In [66]: pygmt.show_versions()
PyGMT information: version: v0.7.0
System information:
python: 3.10.6 | packaged by conda-forge | (main, Aug 22 2022, 20:36:39) [GCC 10.4.0]
machine: Linux-5.3.18-150300.59.71-default-x86_64-with-glibc2.31
ghostscript: 9.54.0
gmt: 6.4.0

and the following lines create the attached map. As you can see I have an octal-like ‘40’ instead of white spaces in the title. Neither suggested workarounds helped. Changing PS_CHAR_ENCODING did not make any difference either.

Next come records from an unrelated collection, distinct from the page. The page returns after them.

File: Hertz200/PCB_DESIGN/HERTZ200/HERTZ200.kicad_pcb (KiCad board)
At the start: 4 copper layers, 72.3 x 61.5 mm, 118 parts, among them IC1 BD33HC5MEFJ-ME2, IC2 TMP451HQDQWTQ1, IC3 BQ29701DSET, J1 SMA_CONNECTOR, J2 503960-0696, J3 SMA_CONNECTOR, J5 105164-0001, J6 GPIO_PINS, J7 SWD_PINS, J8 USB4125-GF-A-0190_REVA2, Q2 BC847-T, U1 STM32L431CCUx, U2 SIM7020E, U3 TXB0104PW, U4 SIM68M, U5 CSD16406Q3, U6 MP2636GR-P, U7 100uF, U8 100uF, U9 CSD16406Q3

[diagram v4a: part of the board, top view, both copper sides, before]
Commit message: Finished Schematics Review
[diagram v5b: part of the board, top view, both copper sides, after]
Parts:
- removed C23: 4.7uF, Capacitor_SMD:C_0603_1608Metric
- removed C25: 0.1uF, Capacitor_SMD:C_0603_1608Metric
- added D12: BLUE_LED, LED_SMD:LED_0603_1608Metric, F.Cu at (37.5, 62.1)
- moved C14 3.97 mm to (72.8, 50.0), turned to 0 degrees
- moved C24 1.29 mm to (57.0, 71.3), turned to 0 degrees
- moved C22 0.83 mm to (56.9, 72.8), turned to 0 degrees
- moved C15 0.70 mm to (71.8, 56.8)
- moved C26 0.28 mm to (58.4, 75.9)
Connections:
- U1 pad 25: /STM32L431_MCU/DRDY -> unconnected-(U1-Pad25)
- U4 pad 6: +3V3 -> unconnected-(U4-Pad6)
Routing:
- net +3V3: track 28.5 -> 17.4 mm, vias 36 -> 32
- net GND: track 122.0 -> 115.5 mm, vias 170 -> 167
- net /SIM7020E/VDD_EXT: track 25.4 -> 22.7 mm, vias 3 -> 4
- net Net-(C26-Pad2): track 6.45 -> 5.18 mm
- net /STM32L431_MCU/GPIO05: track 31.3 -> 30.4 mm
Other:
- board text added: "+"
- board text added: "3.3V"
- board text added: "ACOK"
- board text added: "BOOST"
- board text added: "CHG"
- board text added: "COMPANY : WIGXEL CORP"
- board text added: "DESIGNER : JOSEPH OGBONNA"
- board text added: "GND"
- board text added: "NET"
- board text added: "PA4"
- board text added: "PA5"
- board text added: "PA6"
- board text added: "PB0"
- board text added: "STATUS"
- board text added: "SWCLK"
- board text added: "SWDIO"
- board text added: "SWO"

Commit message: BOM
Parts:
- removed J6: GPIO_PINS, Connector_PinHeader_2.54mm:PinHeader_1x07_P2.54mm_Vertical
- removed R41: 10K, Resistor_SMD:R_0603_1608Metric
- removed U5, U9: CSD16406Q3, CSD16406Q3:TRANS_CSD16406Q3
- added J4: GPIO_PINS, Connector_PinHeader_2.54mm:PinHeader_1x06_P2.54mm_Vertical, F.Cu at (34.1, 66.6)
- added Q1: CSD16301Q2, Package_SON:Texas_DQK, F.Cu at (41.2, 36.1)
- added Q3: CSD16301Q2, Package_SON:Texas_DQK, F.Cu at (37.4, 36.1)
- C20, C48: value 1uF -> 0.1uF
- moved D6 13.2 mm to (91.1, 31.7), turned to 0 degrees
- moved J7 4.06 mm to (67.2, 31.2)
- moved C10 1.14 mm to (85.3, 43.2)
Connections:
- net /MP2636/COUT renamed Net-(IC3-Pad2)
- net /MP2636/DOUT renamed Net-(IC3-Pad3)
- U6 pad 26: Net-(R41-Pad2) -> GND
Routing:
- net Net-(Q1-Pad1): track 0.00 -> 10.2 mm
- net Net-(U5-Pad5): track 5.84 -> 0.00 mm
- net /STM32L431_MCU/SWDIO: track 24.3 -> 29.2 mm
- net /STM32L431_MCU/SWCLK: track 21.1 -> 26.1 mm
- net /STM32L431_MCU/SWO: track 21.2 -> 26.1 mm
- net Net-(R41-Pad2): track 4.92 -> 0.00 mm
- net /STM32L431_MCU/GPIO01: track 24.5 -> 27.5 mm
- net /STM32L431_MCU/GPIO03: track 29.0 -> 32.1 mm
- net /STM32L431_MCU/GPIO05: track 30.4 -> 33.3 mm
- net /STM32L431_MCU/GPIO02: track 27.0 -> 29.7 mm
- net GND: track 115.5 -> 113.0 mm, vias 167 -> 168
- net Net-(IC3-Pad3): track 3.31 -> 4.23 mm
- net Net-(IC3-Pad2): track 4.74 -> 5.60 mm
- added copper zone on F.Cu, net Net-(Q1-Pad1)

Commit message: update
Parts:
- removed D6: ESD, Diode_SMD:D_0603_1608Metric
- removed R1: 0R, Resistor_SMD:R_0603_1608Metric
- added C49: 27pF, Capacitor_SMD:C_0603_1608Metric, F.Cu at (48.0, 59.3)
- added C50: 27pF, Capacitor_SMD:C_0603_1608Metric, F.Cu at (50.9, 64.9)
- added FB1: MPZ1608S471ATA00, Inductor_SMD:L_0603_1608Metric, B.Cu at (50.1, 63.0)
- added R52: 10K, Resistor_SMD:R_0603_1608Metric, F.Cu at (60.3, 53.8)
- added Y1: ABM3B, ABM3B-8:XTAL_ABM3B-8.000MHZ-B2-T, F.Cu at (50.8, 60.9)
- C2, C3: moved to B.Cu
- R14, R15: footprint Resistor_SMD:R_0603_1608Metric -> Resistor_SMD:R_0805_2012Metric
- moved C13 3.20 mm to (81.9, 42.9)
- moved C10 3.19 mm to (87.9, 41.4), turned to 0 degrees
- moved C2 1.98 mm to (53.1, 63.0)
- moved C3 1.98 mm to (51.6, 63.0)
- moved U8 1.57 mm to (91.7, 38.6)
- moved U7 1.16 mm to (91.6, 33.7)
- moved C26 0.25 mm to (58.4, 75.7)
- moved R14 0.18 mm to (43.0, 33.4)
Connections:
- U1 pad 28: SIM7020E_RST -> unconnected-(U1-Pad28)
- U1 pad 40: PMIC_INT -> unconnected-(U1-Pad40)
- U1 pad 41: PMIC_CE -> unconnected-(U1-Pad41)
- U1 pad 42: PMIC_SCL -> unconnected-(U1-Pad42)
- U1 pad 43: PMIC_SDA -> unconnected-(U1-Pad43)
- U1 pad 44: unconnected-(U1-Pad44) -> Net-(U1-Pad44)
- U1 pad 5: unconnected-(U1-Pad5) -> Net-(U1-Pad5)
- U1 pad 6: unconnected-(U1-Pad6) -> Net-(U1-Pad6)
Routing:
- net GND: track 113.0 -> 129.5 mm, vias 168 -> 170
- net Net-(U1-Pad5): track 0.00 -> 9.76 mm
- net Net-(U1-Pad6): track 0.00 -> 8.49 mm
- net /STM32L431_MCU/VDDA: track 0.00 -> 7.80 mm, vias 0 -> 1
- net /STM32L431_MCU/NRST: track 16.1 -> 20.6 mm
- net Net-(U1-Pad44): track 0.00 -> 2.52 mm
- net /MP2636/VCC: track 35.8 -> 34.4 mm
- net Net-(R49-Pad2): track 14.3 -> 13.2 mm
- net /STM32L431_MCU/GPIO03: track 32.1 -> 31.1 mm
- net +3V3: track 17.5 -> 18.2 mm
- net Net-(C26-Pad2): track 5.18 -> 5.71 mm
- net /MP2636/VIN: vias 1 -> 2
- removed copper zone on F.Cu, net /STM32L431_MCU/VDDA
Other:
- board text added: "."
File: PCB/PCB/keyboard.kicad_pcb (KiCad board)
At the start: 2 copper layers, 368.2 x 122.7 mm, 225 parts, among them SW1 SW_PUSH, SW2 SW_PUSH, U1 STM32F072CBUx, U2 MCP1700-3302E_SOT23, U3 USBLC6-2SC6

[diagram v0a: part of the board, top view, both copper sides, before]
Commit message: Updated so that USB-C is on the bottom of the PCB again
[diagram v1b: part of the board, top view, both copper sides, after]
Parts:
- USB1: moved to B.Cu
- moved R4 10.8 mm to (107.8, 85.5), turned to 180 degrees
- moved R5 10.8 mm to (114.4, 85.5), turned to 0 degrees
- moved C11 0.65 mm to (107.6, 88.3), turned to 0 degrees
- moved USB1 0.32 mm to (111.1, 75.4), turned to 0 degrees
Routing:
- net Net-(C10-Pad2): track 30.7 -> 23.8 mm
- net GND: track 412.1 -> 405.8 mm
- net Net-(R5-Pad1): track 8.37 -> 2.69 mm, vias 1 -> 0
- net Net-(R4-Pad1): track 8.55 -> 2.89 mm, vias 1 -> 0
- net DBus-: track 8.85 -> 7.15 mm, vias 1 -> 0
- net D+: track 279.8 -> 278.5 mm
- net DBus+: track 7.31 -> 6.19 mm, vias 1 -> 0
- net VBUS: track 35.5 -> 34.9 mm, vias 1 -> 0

The funny thing is, on OSX it works flawlessly.
Any further hint is much appreciated.

pygmt.config(FONT_ANNOT_PRIMARY='14p,Helvetica,black', \
            COLOR_BACKGROUND='white', \
            COLOR_NAN='white', \
            MAP_TITLE_OFFSET='2p', FONT_TITLE='18p,Helvetica,black',
            FORMAT_FLOAT_OUT='%.1e', PS_CHAR_ENCODING='Standard+')

fig = pygmt.Figure()

region  = [-180, 180, -90, 90]
label_date = label_date.replace('_', '-')
title = f'"GOME-2A slant column H<math>_2</math>O {label_date}"'
fig.basemap(region=region, projection='Q20c', frame=['af60', f'wsne+t"{title}"'])
pygmt.makecpt(cmap='jet', series=[np.nanmin(data), np.nanmax(data)], background='o')
fig.grdimage(grid=ingrid, cmap=True)
fig.coast(shorelines='1p,black')
fig.colorbar(position="JBC+n+h+w12/0.4", frame=['xafg','y+l"mol/cm<math>^2</math>"'])

Hmm, it might be that the <math> LaTeX stuff breaks the logic? If you just want the ‘2’ in H20 to be subscript, you can use @- and avoid the <math>, see text — GMT 6.5.0 documentation.

WIth that, this seems to work for me on Linux using PyGMT v0.7.0 and GMT 6.4.0. Note that I removed the nested quotes:

import pygmt

pygmt.config(
    FONT_ANNOT_PRIMARY="14p,Helvetica,black",
    COLOR_BACKGROUND="white",
    COLOR_NAN="white",
    MAP_TITLE_OFFSET="2p",
    FONT_TITLE="18p,Helvetica,black",
    FORMAT_FLOAT_OUT="%.1e",
    PS_CHAR_ENCODING="Standard+",
)

fig = pygmt.Figure()

region = [-180, 180, -90, 90]
label_date = "2014-07-01"
title = f"GOME-2A slant column H@-2@-O {label_date}"
fig.basemap(region=region, projection="Q20c", frame=["af60", f"wsne+t{title}"])
fig.savefig("gome-2A_plot.png")
fig.show()

produces

1 Like

Indeed. The solution sometimes is right before you but you do not see it. Still obscure why on OSX it works … but, so far so good. Thanks for checking this out!